**What to work on**
Using the records below, write out again exactly the lines that begin at the line containing "#150=EDGE_CURVE('E190',#149,#141,#147,.T.);" and end at the line containing "#177=DIRECTION('',(1.,0.,0.));", and no other lines.

__________

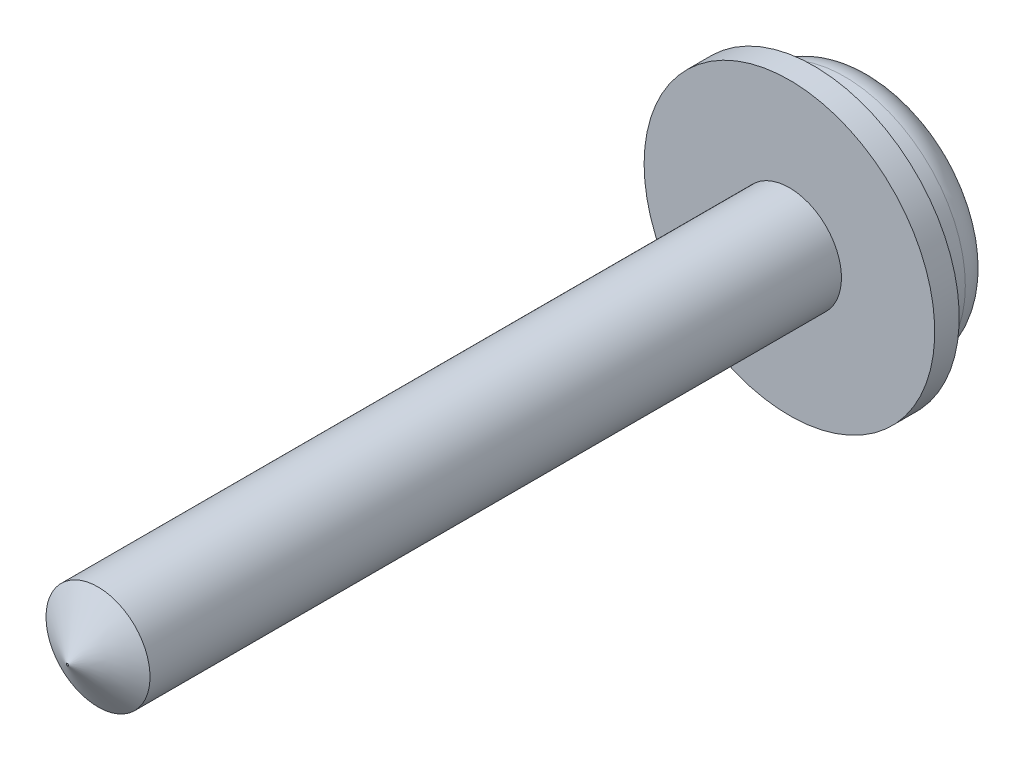
ISO-10303-21;
HEADER;
FILE_DESCRIPTION(('STEP AP214'),'2;1');
FILE_NAME('part.step','',(''),(''),'','','');
FILE_SCHEMA(('AUTOMOTIVE_DESIGN { 1 0 10303 214 1 1 1 1 }'));
ENDSEC;
DATA;
#1=APPLICATION_CONTEXT('core data for automotive mechanical design processes');
#2=APPLICATION_PROTOCOL_DEFINITION('international standard','automotive_design',2000,#1);
#3=PRODUCT_CONTEXT('',#1,'mechanical');
#4=PRODUCT('Part','Part','',(#3));
#5=PRODUCT_RELATED_PRODUCT_CATEGORY('part','',(#4));
#6=PRODUCT_DEFINITION_FORMATION('','',#4);
#7=PRODUCT_DEFINITION_CONTEXT('part definition',#1,'design');
#8=PRODUCT_DEFINITION('design','',#6,#7);
#9=PRODUCT_DEFINITION_SHAPE('','',#8);
#10=(LENGTH_UNIT() NAMED_UNIT(*) SI_UNIT(.MILLI.,.METRE.));
#11=(NAMED_UNIT(*) PLANE_ANGLE_UNIT() SI_UNIT($,.RADIAN.));
#12=(NAMED_UNIT(*) SI_UNIT($,.STERADIAN.) SOLID_ANGLE_UNIT());
#13=UNCERTAINTY_MEASURE_WITH_UNIT(LENGTH_MEASURE(1.E-05),#10,'distance_accuracy_value','');
#14=(GEOMETRIC_REPRESENTATION_CONTEXT(3) GLOBAL_UNCERTAINTY_ASSIGNED_CONTEXT((#13)) GLOBAL_UNIT_ASSIGNED_CONTEXT((#10,
#11,#12)) REPRESENTATION_CONTEXT('',''));
#15=CARTESIAN_POINT('',(0.,0.,0.));
#16=DIRECTION('',(0.,0.,1.));
#17=DIRECTION('',(1.,0.,0.));
#18=AXIS2_PLACEMENT_3D('',#15,#16,#17);
#19=CARTESIAN_POINT('',(0.,0.,-1.4));
#20=DIRECTION('',(0.,0.,-1.));
#21=DIRECTION('',(-1.,0.,0.));
#22=AXIS2_PLACEMENT_3D('',#19,#20,#21);
#23=PLANE('',#22);
#24=CARTESIAN_POINT('',(0.,0.,-1.4));
#25=DIRECTION('',(0.,0.,-1.));
#26=DIRECTION('',(-1.,0.,0.));
#27=AXIS2_PLACEMENT_3D('',#24,#25,#26);
#28=CIRCLE('',#27,1.475);
#29=CARTESIAN_POINT('',(-1.475,0.,-1.4));
#30=VERTEX_POINT('',#29);
#31=EDGE_CURVE('E43',#30,#30,#28,.T.);
#32=ORIENTED_EDGE('',*,*,#31,.T.);
#33=EDGE_LOOP('',(#32));
#34=FACE_BOUND('',#33,.T.);
#35=DIRECTION('',(0.,-1.,0.));
#36=VECTOR('',#35,1.);
#37=CARTESIAN_POINT('',(0.3,0.600000000000002,-1.4));
#38=LINE('',#37,#36);
#39=CARTESIAN_POINT('',(0.3,1.15,-1.4));
#40=VERTEX_POINT('',#39);
#41=CARTESIAN_POINT('',(0.3,0.6,-1.4));
#42=VERTEX_POINT('',#41);
#43=EDGE_CURVE('E50',#40,#42,#38,.T.);
#44=ORIENTED_EDGE('',*,*,#43,.F.);
#45=DIRECTION('',(1.,0.,0.));
#46=VECTOR('',#45,1.);
#47=CARTESIAN_POINT('',(-0.3,1.15,-1.4));
#48=LINE('',#47,#46);
#49=CARTESIAN_POINT('',(-0.3,1.15,-1.4));
#50=VERTEX_POINT('',#49);
#51=EDGE_CURVE('E223',#50,#40,#48,.T.);
#52=ORIENTED_EDGE('',*,*,#51,.F.);
#53=DIRECTION('',(0.,1.,0.));
#54=VECTOR('',#53,1.);
#55=CARTESIAN_POINT('',(-0.3,0.600000000000002,-1.4));
#56=LINE('',#55,#54);
#57=CARTESIAN_POINT('',(-0.3,0.600000000000002,-1.4));
#58=VERTEX_POINT('',#57);
#59=EDGE_CURVE('E221',#58,#50,#56,.T.);
#60=ORIENTED_EDGE('',*,*,#59,.F.);
#61=CARTESIAN_POINT('',(-0.6,0.6,-1.4));
#62=DIRECTION('',(0.,0.,1.));
#63=DIRECTION('',(-1.,0.,0.));
#64=AXIS2_PLACEMENT_3D('',#61,#62,#63);
#65=CIRCLE('',#64,0.3);
#66=CARTESIAN_POINT('',(-0.600000000000002,0.3,-1.4));
#67=VERTEX_POINT('',#66);
#68=EDGE_CURVE('E158',#67,#58,#65,.T.);
#69=ORIENTED_EDGE('',*,*,#68,.F.);
#70=DIRECTION('',(1.,0.,0.));
#71=VECTOR('',#70,1.);
#72=CARTESIAN_POINT('',(-1.15,0.3,-1.4));
#73=LINE('',#72,#71);
#74=CARTESIAN_POINT('',(-1.15,0.3,-1.4));
#75=VERTEX_POINT('',#74);
#76=EDGE_CURVE('E217',#75,#67,#73,.T.);
#77=ORIENTED_EDGE('',*,*,#76,.F.);
#78=DIRECTION('',(0.,1.,0.));
#79=VECTOR('',#78,1.);
#80=CARTESIAN_POINT('',(-1.15,-0.3,-1.4));
#81=LINE('',#80,#79);
#82=CARTESIAN_POINT('',(-1.15,-0.3,-1.4));
#83=VERTEX_POINT('',#82);
#84=EDGE_CURVE('E214',#83,#75,#81,.T.);
#85=ORIENTED_EDGE('',*,*,#84,.F.);
#86=DIRECTION('',(-1.,0.,0.));
#87=VECTOR('',#86,1.);
#88=CARTESIAN_POINT('',(-1.15,-0.3,-1.4));
#89=LINE('',#88,#87);
#90=CARTESIAN_POINT('',(-0.600000000000002,-0.3,-1.4));
#91=VERTEX_POINT('',#90);
#92=EDGE_CURVE('E211',#91,#83,#89,.T.);
#93=ORIENTED_EDGE('',*,*,#92,.F.);
#94=CARTESIAN_POINT('',(-0.6,-0.6,-1.4));
#95=DIRECTION('',(0.,0.,1.));
#96=DIRECTION('',(1.,0.,0.));
#97=AXIS2_PLACEMENT_3D('',#94,#95,#96);
#98=CIRCLE('',#97,0.3);
#99=CARTESIAN_POINT('',(-0.3,-0.600000000000002,-1.4));
#100=VERTEX_POINT('',#99);
#101=EDGE_CURVE('E208',#100,#91,#98,.T.);
#102=ORIENTED_EDGE('',*,*,#101,.F.);
#103=DIRECTION('',(0.,1.,0.));
#104=VECTOR('',#103,1.);
#105=CARTESIAN_POINT('',(-0.3,-1.15,-1.4));
#106=LINE('',#105,#104);
#107=CARTESIAN_POINT('',(-0.3,-1.15,-1.4));
#108=VERTEX_POINT('',#107);
#109=EDGE_CURVE('E205',#108,#100,#106,.T.);
#110=ORIENTED_EDGE('',*,*,#109,.F.);
#111=DIRECTION('',(-1.,0.,0.));
#112=VECTOR('',#111,1.);
#113=CARTESIAN_POINT('',(-0.3,-1.15,-1.4));
#114=LINE('',#113,#112);
#115=CARTESIAN_POINT('',(0.3,-1.15,-1.4));
#116=VERTEX_POINT('',#115);
#117=EDGE_CURVE('E202',#116,#108,#114,.T.);
#118=ORIENTED_EDGE('',*,*,#117,.F.);
#119=DIRECTION('',(0.,-1.,0.));
#120=VECTOR('',#119,1.);
#121=CARTESIAN_POINT('',(0.3,-1.15,-1.4));
#122=LINE('',#121,#120);
#123=CARTESIAN_POINT('',(0.3,-0.600000000000002,-1.4));
#124=VERTEX_POINT('',#123);
#125=EDGE_CURVE('E199',#124,#116,#122,.T.);
#126=ORIENTED_EDGE('',*,*,#125,.F.);
#127=CARTESIAN_POINT('',(0.6,-0.6,-1.4));
#128=DIRECTION('',(0.,0.,1.));
#129=DIRECTION('',(1.,0.,0.));
#130=AXIS2_PLACEMENT_3D('',#127,#128,#129);
#131=CIRCLE('',#130,0.3);
#132=CARTESIAN_POINT('',(0.600000000000002,-0.3,-1.4));
#133=VERTEX_POINT('',#132);
#134=EDGE_CURVE('E196',#133,#124,#131,.T.);
#135=ORIENTED_EDGE('',*,*,#134,.F.);
#136=DIRECTION('',(-1.,0.,0.));
#137=VECTOR('',#136,1.);
#138=CARTESIAN_POINT('',(0.600000000000002,-0.3,-1.4));
#139=LINE('',#138,#137);
#140=CARTESIAN_POINT('',(1.15,-0.3,-1.4));
#141=VERTEX_POINT('',#140);
#142=EDGE_CURVE('E193',#141,#133,#139,.T.);
#143=ORIENTED_EDGE('',*,*,#142,.F.);
#144=DIRECTION('',(0.,-1.,0.));
#145=VECTOR('',#144,1.);
#146=CARTESIAN_POINT('',(1.15,-0.3,-1.4));
#147=LINE('',#146,#145);
#148=CARTESIAN_POINT('',(1.15,0.3,-1.4));
#149=VERTEX_POINT('',#148);
#150=EDGE_CURVE('E190',#149,#141,#147,.T.);
#151=ORIENTED_EDGE('',*,*,#150,.F.);
#152=DIRECTION('',(1.,0.,0.));
#153=VECTOR('',#152,1.);
#154=CARTESIAN_POINT('',(0.600000000000002,0.3,-1.4));
#155=LINE('',#154,#153);
#156=CARTESIAN_POINT('',(0.600000000000002,0.3,-1.4));
#157=VERTEX_POINT('',#156);
#158=EDGE_CURVE('E187',#157,#149,#155,.T.);
#159=ORIENTED_EDGE('',*,*,#158,.F.);
#160=CARTESIAN_POINT('',(0.6,0.6,-1.4));
#161=DIRECTION('',(0.,0.,1.));
#162=DIRECTION('',(-1.,0.,0.));
#163=AXIS2_PLACEMENT_3D('',#160,#161,#162);
#164=CIRCLE('',#163,0.3);
#165=EDGE_CURVE('E184',#42,#157,#164,.T.);
#166=ORIENTED_EDGE('',*,*,#165,.F.);
#167=EDGE_LOOP('',(#44,#52,#60,#69,#77,#85,#93,#102,#110,#118,#126,#135,#143,#151,#159,#166));
#168=FACE_BOUND('',#167,.T.);
#169=ADVANCED_FACE('F35',(#34,#168),#23,.T.);
#170=CARTESIAN_POINT('',(0.,0.,11.8));
#171=DIRECTION('',(0.,0.,-1.));
#172=DIRECTION('',(-1.,0.,0.));
#173=AXIS2_PLACEMENT_3D('',#170,#171,#172);
#174=CYLINDRICAL_SURFACE('',#173,0.85);
#175=CARTESIAN_POINT('',(0.,0.,11.3));
#176=DIRECTION('',(0.,0.,1.));
#177=DIRECTION('',(1.,0.,0.));
#178=AXIS2_PLACEMENT_3D('',#175,#176,#177);
#179=CIRCLE('',#178,0.85);
#180=CARTESIAN_POINT('',(-0.850000000000001,0.,11.3));
#181=VERTEX_POINT('',#180);
#182=EDGE_CURVE('E267',#181,#181,#179,.F.);
#183=ORIENTED_EDGE('',*,*,#182,.T.);
#184=EDGE_LOOP('',(#183));
#185=FACE_BOUND('',#184,.T.);
#186=CARTESIAN_POINT('',(0.,0.,0.));
#187=DIRECTION('',(0.,0.,-1.));
#188=DIRECTION('',(-1.,0.,0.));
#189=AXIS2_PLACEMENT_3D('',#186,#187,#188);
#190=CIRCLE('',#189,0.85);
#191=CARTESIAN_POINT('',(-0.85,0.,0.));
#192=VERTEX_POINT('',#191);
#193=EDGE_CURVE('E259',#192,#192,#190,.T.);
#194=ORIENTED_EDGE('',*,*,#193,.F.);
#195=EDGE_LOOP('',(#194));
#196=FACE_BOUND('',#195,.T.);
#197=ADVANCED_FACE('F289',(#185,#196),#174,.T.);
#198=CARTESIAN_POINT('',(0.,0.,11.8));
#199=DIRECTION('',(0.,0.,1.));
#200=DIRECTION('',(1.,0.,0.));
#201=AXIS2_PLACEMENT_3D('',#198,#199,#200);
#202=PLANE('',#201);
#203=CARTESIAN_POINT('',(0.,0.,11.8));
#204=DIRECTION('',(0.,0.,1.));
#205=DIRECTION('',(1.,0.,0.));
#206=AXIS2_PLACEMENT_3D('',#203,#204,#205);
#207=CIRCLE('',#206,0.0178602588247426);
#208=CARTESIAN_POINT('',(-0.0178602588247441,0.,11.8));
#209=VERTEX_POINT('',#208);
#210=EDGE_CURVE('E264',#209,#209,#207,.T.);
#211=ORIENTED_EDGE('',*,*,#210,.T.);
#212=EDGE_LOOP('',(#211));
#213=FACE_BOUND('',#212,.T.);
#214=ADVANCED_FACE('F294',(#213),#202,.T.);
#215=CARTESIAN_POINT('',(0.,0.,11.8));
#216=DIRECTION('',(0.,0.,-1.));
#217=DIRECTION('',(-1.,0.,0.));
#218=AXIS2_PLACEMENT_3D('',#215,#216,#217);
#219=CONICAL_SURFACE('',#218,0.0178602588247426,1.02974425867665);
#220=CARTESIAN_POINT('',(-0.850000000000001,0.,11.3));
#221=CARTESIAN_POINT('',(-0.841331877696093,0.,11.3052083333333));
#222=CARTESIAN_POINT('',(-0.832663755392184,0.,11.3104166666667));
#223=CARTESIAN_POINT('',(-0.815327510784366,0.,11.3208333333333));
#224=CARTESIAN_POINT('',(-0.806659388480457,0.,11.3260416666667));
#225=CARTESIAN_POINT('',(-0.789323143872639,0.,11.3364583333333));
#226=CARTESIAN_POINT('',(-0.78065502156873,0.,11.3416666666667));
#227=CARTESIAN_POINT('',(-0.763318776960912,0.,11.3520833333333));
#228=CARTESIAN_POINT('',(-0.754650654657003,0.,11.3572916666667));
#229=CARTESIAN_POINT('',(-0.737314410049185,0.,11.3677083333333));
#230=CARTESIAN_POINT('',(-0.728646287745277,0.,11.3729166666667));
#231=CARTESIAN_POINT('',(-0.711310043137459,0.,11.3833333333333));
#232=CARTESIAN_POINT('',(-0.70264192083355,0.,11.3885416666667));
#233=CARTESIAN_POINT('',(-0.685305676225732,0.,11.3989583333333));
#234=CARTESIAN_POINT('',(-0.676637553921823,0.,11.4041666666667));
#235=CARTESIAN_POINT('',(-0.659301309314005,0.,11.4145833333333));
#236=CARTESIAN_POINT('',(-0.650633187010096,0.,11.4197916666667));
#237=CARTESIAN_POINT('',(-0.633296942402278,0.,11.4302083333333));
#238=CARTESIAN_POINT('',(-0.624628820098369,0.,11.4354166666667));
#239=CARTESIAN_POINT('',(-0.607292575490551,0.,11.4458333333333));
#240=CARTESIAN_POINT('',(-0.598624453186642,0.,11.4510416666667));
#241=CARTESIAN_POINT('',(-0.581288208578825,0.,11.4614583333333));
#242=CARTESIAN_POINT('',(-0.572620086274916,0.,11.4666666666667));
#243=CARTESIAN_POINT('',(-0.555283841667098,0.,11.4770833333333));
#244=CARTESIAN_POINT('',(-0.546615719363189,0.,11.4822916666667));
#245=CARTESIAN_POINT('',(-0.529279474755371,0.,11.4927083333333));
#246=CARTESIAN_POINT('',(-0.520611352451462,0.,11.4979166666667));
#247=CARTESIAN_POINT('',(-0.503275107843644,0.,11.5083333333333));
#248=CARTESIAN_POINT('',(-0.494606985539735,0.,11.5135416666667));
#249=CARTESIAN_POINT('',(-0.477270740931917,0.,11.5239583333333));
#250=CARTESIAN_POINT('',(-0.468602618628009,0.,11.5291666666667));
#251=CARTESIAN_POINT('',(-0.451266374020191,0.,11.5395833333333));
#252=CARTESIAN_POINT('',(-0.442598251716282,0.,11.5447916666667));
#253=CARTESIAN_POINT('',(-0.425262007108464,0.,11.5552083333333));
#254=CARTESIAN_POINT('',(-0.416593884804555,0.,11.5604166666667));
#255=CARTESIAN_POINT('',(-0.399257640196737,0.,11.5708333333333));
#256=CARTESIAN_POINT('',(-0.390589517892828,0.,11.5760416666667));
#257=CARTESIAN_POINT('',(-0.37325327328501,0.,11.5864583333333));
#258=CARTESIAN_POINT('',(-0.364585150981101,0.,11.5916666666667));
#259=CARTESIAN_POINT('',(-0.347248906373283,0.,11.6020833333333));
#260=CARTESIAN_POINT('',(-0.338580784069375,0.,11.6072916666667));
#261=CARTESIAN_POINT('',(-0.321244539461557,0.,11.6177083333333));
#262=CARTESIAN_POINT('',(-0.312576417157648,0.,11.6229166666667));
#263=CARTESIAN_POINT('',(-0.29524017254983,0.,11.6333333333333));
#264=CARTESIAN_POINT('',(-0.286572050245921,0.,11.6385416666667));
#265=CARTESIAN_POINT('',(-0.269235805638103,0.,11.6489583333333));
#266=CARTESIAN_POINT('',(-0.260567683334194,0.,11.6541666666667));
#267=CARTESIAN_POINT('',(-0.243231438726376,0.,11.6645833333333));
#268=CARTESIAN_POINT('',(-0.234563316422467,0.,11.6697916666667));
#269=CARTESIAN_POINT('',(-0.21722707181465,0.,11.6802083333333));
#270=CARTESIAN_POINT('',(-0.208558949510741,0.,11.6854166666667));
#271=CARTESIAN_POINT('',(-0.191222704902923,0.,11.6958333333333));
#272=CARTESIAN_POINT('',(-0.182554582599014,0.,11.7010416666667));
#273=CARTESIAN_POINT('',(-0.165218337991196,0.,11.7114583333333));
#274=CARTESIAN_POINT('',(-0.156550215687287,0.,11.7166666666667));
#275=CARTESIAN_POINT('',(-0.139213971079469,0.,11.7270833333333));
#276=CARTESIAN_POINT('',(-0.13054584877556,0.,11.7322916666667));
#277=CARTESIAN_POINT('',(-0.113209604167742,0.,11.7427083333333));
#278=CARTESIAN_POINT('',(-0.104541481863833,0.,11.7479166666667));
#279=CARTESIAN_POINT('',(-0.0872052372560155,0.,11.7583333333333));
#280=CARTESIAN_POINT('',(-0.0785371149521066,0.,11.7635416666667));
#281=CARTESIAN_POINT('',(-0.0612008703442887,0.,11.7739583333333));
#282=CARTESIAN_POINT('',(-0.0525327480403797,0.,11.7791666666667));
#283=CARTESIAN_POINT('',(-0.0351965034325618,0.,11.7895833333333));
#284=CARTESIAN_POINT('',(-0.0265283811286528,0.,11.7947916666667));
#285=CARTESIAN_POINT('',(-0.0178602588247441,0.,11.8));
#286=B_SPLINE_CURVE_WITH_KNOTS('',3,(#220,#221,#222,#223,#224,#225,#226,#227,#228,#229,#230,
#231,#232,#233,#234,#235,#236,#237,#238,#239,#240,#241,#242,#243,#244,#245,#246,#247,#248,#249,
#250,#251,#252,#253,#254,#255,#256,#257,#258,#259,#260,#261,#262,#263,#264,#265,#266,#267,#268,
#269,#270,#271,#272,#273,#274,#275,#276,#277,#278,#279,#280,#281,#282,#283,#284,#285),
.UNSPECIFIED.,.F.,.F.,(4,2,2,2,2,2,2,2,2,2,2,2,2,2,2,2,2,2,2,2,2,2,2,2,2,2,2,2,2,2,2,2,4),(0.,
0.0303375629126626,0.0606751258253245,0.0910126887379862,0.121350251650648,0.15168781456331,
0.182025377475972,0.212362940388633,0.242700503301295,0.273038066213957,0.303375629126619,
0.333713192039281,0.364050754951942,0.394388317864604,0.424725880777266,0.455063443689928,
0.485401006602589,0.515738569515251,0.546076132427913,0.576413695340575,0.606751258253236,
0.637088821165898,0.66742638407856,0.697763946991222,0.728101509903883,0.758439072816545,
0.788776635729207,0.819114198641869,0.849451761554531,0.879789324467192,0.910126887379854,
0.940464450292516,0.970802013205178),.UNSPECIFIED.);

__________

**Solution to this problem**
#150=EDGE_CURVE('E190',#149,#141,#147,.T.);
#151=ORIENTED_EDGE('',*,*,#150,.F.);
#152=DIRECTION('',(1.,0.,0.));
#153=VECTOR('',#152,1.);
#154=CARTESIAN_POINT('',(0.600000000000002,0.3,-1.4));
#155=LINE('',#154,#153);
#156=CARTESIAN_POINT('',(0.600000000000002,0.3,-1.4));
#157=VERTEX_POINT('',#156);
#158=EDGE_CURVE('E187',#157,#149,#155,.T.);
#159=ORIENTED_EDGE('',*,*,#158,.F.);
#160=CARTESIAN_POINT('',(0.6,0.6,-1.4));
#161=DIRECTION('',(0.,0.,1.));
#162=DIRECTION('',(-1.,0.,0.));
#163=AXIS2_PLACEMENT_3D('',#160,#161,#162);
#164=CIRCLE('',#163,0.3);
#165=EDGE_CURVE('E184',#42,#157,#164,.T.);
#166=ORIENTED_EDGE('',*,*,#165,.F.);
#167=EDGE_LOOP('',(#44,#52,#60,#69,#77,#85,#93,#102,#110,#118,#126,#135,#143,#151,#159,#166));
#168=FACE_BOUND('',#167,.T.);
#169=ADVANCED_FACE('F35',(#34,#168),#23,.T.);
#170=CARTESIAN_POINT('',(0.,0.,11.8));
#171=DIRECTION('',(0.,0.,-1.));
#172=DIRECTION('',(-1.,0.,0.));
#173=AXIS2_PLACEMENT_3D('',#170,#171,#172);
#174=CYLINDRICAL_SURFACE('',#173,0.85);
#175=CARTESIAN_POINT('',(0.,0.,11.3));
#176=DIRECTION('',(0.,0.,1.));
#177=DIRECTION('',(1.,0.,0.));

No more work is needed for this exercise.